§ To do
Check each line of the records below and collect those holding "drawing".

Records drawn from a dataset:
*-*-*
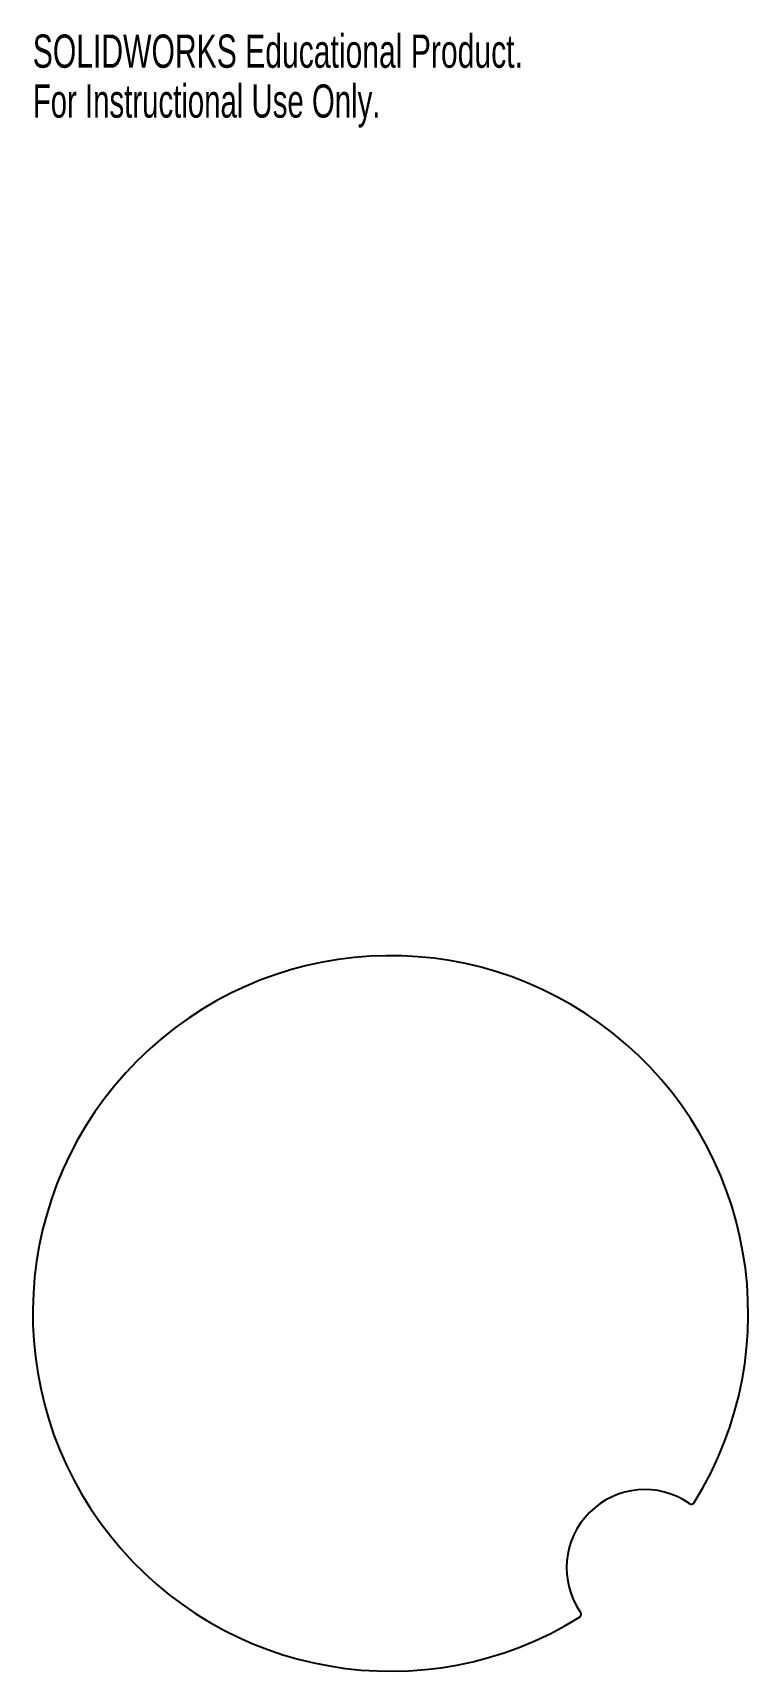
# Model space of a CAD drawing. Extents: x -2.05 to 2.05, y -2.05 to 7.33.
import ezdxf
from ezdxf.enums import TextEntityAlignment as Align

# ---------------------------------------------------------------- set-up
doc = ezdxf.new("R2010")
doc.units = 0
doc.layers.get('0').update_dxf_attribs({"linetype": 'CONTINUOUS'})

msp = doc.modelspace()

# ---------------------------------------------------------------- linework, layer by layer
at = {"color": 7, "linetype": 'CONTINUOUS'}
for centre, radius, start, end in [((0, 0), 2.0488, 328.10321, 301.89679), ((1.4564, -1.4564), 0.4478, 55.26429, 214.73571), ((1.7227, -1.0722), 0.0197, 235.26429, 328.10321), ((1.0722, -1.7227), 0.0197, 301.89679, 34.73571)]:
    msp.add_arc(centre, radius, start, end, dxfattribs=at)

# ---------------------------------------------------------------- texts
for s, width, p in [('SOLIDWORKS Educational Product.', 0.677419, (-2.0488, 7.3236)), ('For Instructional Use Only.', 0.661111, (-2.0488, 7.0381))]:
    msp.add_text(s, height=0.1903, dxfattribs=dict(at, width=width)).set_placement(p, align=Align.TOP_LEFT)

doc.saveas('drawing.dxf')
*-*-*
§ Response to the exercise
# Model space of a CAD drawing. Extents: x -2.05 to 2.05, y -2.05 to 7.33.
doc.saveas('drawing.dxf')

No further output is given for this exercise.